Эта маленькая, слабая и тихая женщина, теперь уже старуха, теперь уже не жилец на этом свете, всю свою жизнь не только везла на себе дом, хозяйство, стояние в очередях за хлебом насущным, но была сердцем и душою семьи — и даже тогда, когда семья эта бесповоротно распалась. Более того, именно благодаря ей, никогда ни во что не вмешивающейся, не лезущей в чужую жизнь, именно благодаря ей эта семья, даже распавшись, каким-то странным, необъяснимым образом продолжала существовать.
И вот — бабушкин век подходит к концу.
Медицина была бессильна.
И даже любовь — тоже.
Едва вздымались, жадно глотая воздух, и опадали легкие, отказали почки, пульс еле-еле прослушивался.
Отец сидел и думал о том, что бабушка всю жизнь отдавала, отдавала, отдавала себя — свою заботу, любовь, тревогу и ненавязчивую нежность — и ничего не только не требовала взамен, но и удивилась бы и смущенно замахала своими тоненькими, кожа да кости, руками с узловатыми пальцами и пожелтевшими, обломанными ногтями: не надо! Как можно даже подумать об этом?!
В бабушкиной комнате висела большая отцова фотография в старинной деревянной рамке с облупившимся темным лаком. Бабушка не сняла ее со стены и тогда, когда отец разошелся с матерью и ушел из дома. Регина, уже не раз и не два упомянутая выше материна лучшая подруга, бурно возмущалась, проводила с бабушкой долгие нервические разъяснительные беседы, требовала от матери, чтоб та не сидела сложа руки и не давала себя в обиду, мать тоже устраивала сцены, даже кричала на бабушку и плакала, но бабушка так и не убрала фотографию.

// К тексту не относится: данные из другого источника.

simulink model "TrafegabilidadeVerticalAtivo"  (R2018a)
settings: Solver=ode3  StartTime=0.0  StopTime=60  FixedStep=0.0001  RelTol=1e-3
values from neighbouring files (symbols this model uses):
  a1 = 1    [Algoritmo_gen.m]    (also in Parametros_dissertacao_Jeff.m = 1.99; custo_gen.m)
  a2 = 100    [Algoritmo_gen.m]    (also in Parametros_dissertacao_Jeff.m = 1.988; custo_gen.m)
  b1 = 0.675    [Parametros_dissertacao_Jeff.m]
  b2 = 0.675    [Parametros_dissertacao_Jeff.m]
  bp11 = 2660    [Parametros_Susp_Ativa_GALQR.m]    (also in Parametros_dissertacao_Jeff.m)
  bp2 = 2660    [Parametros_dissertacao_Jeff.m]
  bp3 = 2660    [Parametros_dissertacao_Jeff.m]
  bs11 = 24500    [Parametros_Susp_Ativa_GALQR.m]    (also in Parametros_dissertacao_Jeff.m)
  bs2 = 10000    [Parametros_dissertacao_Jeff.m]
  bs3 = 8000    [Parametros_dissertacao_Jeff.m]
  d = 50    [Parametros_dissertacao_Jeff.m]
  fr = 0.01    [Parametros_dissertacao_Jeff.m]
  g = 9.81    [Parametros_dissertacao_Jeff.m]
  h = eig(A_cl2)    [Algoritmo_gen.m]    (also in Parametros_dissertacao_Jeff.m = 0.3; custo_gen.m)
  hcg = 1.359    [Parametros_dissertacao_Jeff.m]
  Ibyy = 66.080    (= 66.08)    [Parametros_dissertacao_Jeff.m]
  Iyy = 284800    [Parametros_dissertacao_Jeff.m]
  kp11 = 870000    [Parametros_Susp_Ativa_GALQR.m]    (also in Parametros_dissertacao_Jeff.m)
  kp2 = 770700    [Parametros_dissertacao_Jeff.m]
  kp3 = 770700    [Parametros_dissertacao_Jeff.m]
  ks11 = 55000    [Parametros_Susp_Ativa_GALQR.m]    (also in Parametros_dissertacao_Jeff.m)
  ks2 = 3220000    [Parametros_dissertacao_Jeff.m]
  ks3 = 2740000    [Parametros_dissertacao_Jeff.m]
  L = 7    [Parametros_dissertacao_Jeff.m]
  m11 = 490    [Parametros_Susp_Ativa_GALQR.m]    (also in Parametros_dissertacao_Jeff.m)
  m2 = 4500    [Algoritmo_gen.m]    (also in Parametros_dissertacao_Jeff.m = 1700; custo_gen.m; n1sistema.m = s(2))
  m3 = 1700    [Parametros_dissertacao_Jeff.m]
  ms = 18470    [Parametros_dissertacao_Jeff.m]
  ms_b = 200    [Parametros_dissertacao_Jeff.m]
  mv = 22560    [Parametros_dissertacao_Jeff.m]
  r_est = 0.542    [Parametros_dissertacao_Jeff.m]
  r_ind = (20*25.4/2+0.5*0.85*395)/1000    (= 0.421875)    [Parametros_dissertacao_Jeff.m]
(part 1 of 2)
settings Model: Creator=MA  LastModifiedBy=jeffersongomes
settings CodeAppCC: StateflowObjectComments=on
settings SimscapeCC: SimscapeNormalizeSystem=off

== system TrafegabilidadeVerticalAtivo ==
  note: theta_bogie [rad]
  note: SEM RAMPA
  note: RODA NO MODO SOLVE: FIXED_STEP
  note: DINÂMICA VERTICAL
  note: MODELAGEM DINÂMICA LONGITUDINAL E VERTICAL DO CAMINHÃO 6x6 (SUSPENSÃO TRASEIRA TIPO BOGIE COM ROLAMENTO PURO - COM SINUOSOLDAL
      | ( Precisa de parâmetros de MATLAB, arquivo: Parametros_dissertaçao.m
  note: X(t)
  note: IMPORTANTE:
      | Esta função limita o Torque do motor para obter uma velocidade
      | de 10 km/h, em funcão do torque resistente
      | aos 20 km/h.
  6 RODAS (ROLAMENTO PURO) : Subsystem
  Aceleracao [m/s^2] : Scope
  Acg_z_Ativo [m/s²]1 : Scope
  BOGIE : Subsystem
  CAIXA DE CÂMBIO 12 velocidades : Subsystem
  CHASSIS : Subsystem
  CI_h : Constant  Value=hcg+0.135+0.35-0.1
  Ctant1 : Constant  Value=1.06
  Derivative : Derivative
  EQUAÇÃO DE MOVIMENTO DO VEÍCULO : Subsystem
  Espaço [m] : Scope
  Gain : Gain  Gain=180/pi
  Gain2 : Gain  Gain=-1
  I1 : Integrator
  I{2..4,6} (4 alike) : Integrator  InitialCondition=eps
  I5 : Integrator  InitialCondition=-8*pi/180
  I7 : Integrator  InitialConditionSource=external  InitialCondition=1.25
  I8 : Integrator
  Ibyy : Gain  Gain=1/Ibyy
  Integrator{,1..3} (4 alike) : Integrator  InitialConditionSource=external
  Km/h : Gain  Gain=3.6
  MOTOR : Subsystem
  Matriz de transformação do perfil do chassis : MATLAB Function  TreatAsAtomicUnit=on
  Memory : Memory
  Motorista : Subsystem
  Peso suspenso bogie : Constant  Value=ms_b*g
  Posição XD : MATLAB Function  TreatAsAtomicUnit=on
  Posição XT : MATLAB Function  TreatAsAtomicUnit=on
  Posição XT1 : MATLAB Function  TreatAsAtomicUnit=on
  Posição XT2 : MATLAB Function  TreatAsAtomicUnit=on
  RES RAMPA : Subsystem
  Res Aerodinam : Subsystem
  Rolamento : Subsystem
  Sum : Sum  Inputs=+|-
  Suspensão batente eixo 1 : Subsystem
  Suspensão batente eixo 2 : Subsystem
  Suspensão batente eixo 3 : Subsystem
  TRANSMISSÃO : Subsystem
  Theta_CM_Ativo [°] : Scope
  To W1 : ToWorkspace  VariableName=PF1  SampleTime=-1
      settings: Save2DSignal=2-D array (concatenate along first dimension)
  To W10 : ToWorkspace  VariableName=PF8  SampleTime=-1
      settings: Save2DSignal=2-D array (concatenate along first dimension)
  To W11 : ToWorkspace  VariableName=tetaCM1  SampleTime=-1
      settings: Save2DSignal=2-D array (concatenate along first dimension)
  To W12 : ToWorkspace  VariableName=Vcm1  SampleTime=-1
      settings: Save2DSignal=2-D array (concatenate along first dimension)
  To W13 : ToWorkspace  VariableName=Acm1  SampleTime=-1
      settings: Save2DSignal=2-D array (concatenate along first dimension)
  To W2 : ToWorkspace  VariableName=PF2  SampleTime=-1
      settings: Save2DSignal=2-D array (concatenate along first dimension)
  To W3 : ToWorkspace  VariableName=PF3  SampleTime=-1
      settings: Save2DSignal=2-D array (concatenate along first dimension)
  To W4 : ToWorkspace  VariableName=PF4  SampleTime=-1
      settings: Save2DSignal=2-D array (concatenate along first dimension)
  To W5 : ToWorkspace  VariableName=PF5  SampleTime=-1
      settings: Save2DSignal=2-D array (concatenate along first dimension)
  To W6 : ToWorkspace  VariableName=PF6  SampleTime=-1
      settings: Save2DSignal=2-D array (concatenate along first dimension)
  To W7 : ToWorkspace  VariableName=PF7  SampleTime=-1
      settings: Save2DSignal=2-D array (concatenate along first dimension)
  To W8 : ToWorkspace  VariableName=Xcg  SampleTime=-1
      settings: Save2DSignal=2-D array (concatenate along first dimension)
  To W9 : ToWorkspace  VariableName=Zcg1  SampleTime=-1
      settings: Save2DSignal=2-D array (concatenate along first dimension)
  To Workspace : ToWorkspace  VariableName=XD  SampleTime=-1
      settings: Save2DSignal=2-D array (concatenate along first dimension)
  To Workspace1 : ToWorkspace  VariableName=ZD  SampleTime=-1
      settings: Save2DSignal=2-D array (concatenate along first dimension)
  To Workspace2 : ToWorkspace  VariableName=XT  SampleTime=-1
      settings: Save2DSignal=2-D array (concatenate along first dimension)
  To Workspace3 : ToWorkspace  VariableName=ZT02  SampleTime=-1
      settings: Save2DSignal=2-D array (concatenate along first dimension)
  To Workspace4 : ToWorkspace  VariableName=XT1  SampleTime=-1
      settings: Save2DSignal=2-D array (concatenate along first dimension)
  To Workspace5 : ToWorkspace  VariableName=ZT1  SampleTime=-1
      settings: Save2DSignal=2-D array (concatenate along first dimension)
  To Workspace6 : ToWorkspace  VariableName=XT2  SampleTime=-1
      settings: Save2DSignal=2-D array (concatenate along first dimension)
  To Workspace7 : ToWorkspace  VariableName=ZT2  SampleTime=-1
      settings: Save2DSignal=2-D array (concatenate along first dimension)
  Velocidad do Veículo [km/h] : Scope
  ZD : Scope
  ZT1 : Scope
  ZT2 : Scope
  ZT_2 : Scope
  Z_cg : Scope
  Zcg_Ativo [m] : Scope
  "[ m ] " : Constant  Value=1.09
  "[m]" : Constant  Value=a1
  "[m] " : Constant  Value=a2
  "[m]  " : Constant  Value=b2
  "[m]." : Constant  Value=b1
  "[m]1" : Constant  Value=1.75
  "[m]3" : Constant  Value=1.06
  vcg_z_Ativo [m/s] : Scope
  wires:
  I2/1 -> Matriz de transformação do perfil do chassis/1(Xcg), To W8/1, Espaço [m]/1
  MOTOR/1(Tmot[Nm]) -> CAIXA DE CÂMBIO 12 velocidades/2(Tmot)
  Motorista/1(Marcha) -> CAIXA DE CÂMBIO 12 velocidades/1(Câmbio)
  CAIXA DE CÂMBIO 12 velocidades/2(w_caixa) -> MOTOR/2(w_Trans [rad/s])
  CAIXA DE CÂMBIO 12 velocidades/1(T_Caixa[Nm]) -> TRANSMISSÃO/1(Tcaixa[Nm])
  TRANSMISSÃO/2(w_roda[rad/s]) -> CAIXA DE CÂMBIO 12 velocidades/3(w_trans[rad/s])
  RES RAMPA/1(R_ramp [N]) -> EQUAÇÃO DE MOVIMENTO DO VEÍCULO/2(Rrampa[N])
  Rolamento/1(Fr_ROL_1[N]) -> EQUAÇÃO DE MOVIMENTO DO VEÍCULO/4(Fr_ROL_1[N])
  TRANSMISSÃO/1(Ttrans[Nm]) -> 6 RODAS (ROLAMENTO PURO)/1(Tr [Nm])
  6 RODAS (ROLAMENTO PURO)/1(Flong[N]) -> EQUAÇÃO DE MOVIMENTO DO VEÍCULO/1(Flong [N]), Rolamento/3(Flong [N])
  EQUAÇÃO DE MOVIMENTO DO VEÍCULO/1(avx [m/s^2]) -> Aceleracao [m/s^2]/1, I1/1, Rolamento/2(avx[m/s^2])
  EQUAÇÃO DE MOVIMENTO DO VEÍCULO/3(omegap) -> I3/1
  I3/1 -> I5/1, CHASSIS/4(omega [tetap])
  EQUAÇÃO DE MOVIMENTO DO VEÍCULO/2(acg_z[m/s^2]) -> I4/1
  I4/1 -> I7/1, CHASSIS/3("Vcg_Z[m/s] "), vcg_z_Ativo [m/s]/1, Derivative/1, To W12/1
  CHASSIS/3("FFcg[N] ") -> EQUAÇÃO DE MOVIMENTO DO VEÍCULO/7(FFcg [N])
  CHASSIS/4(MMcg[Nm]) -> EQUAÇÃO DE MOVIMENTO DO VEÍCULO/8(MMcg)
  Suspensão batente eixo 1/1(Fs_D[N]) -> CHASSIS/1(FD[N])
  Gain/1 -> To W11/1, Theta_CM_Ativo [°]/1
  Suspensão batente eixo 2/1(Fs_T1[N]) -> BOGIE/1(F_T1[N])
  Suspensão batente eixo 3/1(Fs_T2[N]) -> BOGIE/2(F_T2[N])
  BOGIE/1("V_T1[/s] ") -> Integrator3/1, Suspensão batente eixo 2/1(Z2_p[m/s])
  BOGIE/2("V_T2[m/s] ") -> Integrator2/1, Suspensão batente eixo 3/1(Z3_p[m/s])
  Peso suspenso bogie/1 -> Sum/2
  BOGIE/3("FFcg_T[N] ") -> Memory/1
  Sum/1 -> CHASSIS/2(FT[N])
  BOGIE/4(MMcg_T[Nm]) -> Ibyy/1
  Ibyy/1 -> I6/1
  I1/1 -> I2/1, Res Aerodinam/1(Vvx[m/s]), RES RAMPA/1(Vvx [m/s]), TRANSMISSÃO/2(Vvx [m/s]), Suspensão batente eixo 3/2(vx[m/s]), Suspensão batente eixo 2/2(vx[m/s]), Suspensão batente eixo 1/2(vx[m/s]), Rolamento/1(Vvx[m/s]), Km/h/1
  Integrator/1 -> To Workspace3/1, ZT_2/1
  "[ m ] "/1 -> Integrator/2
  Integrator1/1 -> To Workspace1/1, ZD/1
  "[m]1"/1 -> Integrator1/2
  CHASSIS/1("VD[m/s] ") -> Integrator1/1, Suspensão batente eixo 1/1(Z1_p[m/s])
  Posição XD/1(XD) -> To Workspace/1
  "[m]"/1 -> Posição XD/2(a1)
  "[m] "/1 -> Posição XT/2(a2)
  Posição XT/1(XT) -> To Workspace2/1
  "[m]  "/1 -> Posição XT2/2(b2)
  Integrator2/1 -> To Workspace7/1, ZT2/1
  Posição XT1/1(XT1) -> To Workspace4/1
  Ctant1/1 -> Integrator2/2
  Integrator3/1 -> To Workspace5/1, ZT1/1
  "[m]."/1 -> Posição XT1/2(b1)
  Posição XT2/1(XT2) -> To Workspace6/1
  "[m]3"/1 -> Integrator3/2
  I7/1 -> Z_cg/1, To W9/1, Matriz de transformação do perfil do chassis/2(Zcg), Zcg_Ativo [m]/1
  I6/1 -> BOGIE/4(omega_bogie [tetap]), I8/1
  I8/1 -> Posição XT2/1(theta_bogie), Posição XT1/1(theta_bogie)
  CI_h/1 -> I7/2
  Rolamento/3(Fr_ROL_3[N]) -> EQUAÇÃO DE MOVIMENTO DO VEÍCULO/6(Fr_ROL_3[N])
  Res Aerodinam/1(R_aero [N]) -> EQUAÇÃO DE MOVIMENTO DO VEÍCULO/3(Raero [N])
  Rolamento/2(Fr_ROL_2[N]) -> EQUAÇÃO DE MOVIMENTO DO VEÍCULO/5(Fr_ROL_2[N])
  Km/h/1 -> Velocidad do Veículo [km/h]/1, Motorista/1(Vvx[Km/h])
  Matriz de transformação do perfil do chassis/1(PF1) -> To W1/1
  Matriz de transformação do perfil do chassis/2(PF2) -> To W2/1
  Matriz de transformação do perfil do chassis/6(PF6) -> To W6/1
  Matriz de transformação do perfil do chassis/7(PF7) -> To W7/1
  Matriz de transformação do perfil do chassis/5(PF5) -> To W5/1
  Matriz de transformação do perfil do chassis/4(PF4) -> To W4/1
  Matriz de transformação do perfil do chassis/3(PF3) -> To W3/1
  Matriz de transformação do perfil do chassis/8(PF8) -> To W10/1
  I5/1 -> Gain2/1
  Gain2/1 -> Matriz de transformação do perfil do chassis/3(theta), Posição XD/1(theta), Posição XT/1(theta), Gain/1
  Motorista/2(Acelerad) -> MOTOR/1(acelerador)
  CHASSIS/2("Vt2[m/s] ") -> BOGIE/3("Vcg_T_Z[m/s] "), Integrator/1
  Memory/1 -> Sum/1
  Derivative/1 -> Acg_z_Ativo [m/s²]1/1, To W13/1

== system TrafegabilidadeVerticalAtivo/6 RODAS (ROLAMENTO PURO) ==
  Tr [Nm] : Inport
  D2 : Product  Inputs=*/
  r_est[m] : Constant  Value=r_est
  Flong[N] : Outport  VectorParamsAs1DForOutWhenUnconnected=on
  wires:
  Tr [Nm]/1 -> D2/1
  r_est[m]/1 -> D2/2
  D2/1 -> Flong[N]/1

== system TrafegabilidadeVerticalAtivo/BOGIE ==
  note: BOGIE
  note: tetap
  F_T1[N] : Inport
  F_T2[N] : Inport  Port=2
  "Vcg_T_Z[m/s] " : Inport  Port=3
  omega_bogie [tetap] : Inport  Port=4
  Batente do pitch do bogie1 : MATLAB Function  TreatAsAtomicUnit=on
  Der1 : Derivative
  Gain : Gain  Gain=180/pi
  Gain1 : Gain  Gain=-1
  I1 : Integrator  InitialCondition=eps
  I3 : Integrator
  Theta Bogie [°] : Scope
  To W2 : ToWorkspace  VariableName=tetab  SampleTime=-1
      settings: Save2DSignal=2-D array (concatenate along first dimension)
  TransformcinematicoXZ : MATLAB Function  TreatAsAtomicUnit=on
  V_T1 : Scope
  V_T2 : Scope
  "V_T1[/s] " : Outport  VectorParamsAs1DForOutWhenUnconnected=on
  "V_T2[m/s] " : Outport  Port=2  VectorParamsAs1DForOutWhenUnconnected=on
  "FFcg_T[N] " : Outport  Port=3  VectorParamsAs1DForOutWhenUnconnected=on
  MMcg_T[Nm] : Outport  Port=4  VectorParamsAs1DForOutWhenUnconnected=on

На ней отец был снят в давние свои годы, еще студентом и чемпионом Москвы, вскоре после того, как они с матерью поженились.
Фотограф его снял на корте, сразу после победной финальной партии, с ракеткой в руках, разгоряченного, потного, счастливого, с пестрым полотенцем вокруг сильной, молодой шеи. Отец тогда еще носил свою рыжеватую бороду и длинные прямые волосы до плеч, он их повязывал, чтоб не мешали во время игры, шерстяной ленточкой вокруг лба.
На фотографии, если бы ему дать вместо ракетки в руки топор или, скажем, меч, он был бы похож на древнерусского веселого и бойкого мастерового или ратника.
Потом, когда жизнь пошла размеренной и отмеренной на годы вперед невалкой поступью и в ней не стало уже места для мечтаний о музыке или, на худой конец, о том, чтобы стать первой ракеткой страны и выиграть, скажем, Уимблдонский турнир, он сбрил бороду, остриг волосы и из иконописного воина или мастерового превратился в обыкновенного современного, шестидесятых и семидесятых годов нашего столетия, молодого, потом — не очень молодого, а спустя — и вовсе погрузневшего, седеющего человека без особых примет.
По обеим сторонам от этой фотографии на бабушкиной стене висели еще две: отец и мать, он — в белой накрахмаленной рубашке и при узком, жгутиком, галстуке, она — в платье с подложенными по тогдашней моде ватой плечиками, в день их помолвки; вторая — Ольга восьми или девяти месяцев от роду, впервые вставшая на ножки и крепко вцепившаяся ручонками в край деревянной решетки ее детской кроватки, толстощекая, с вздернутым носиком, повязанная цветастым материным платком, — «купчиха», называла Ольгу на этой фотографии бабушка.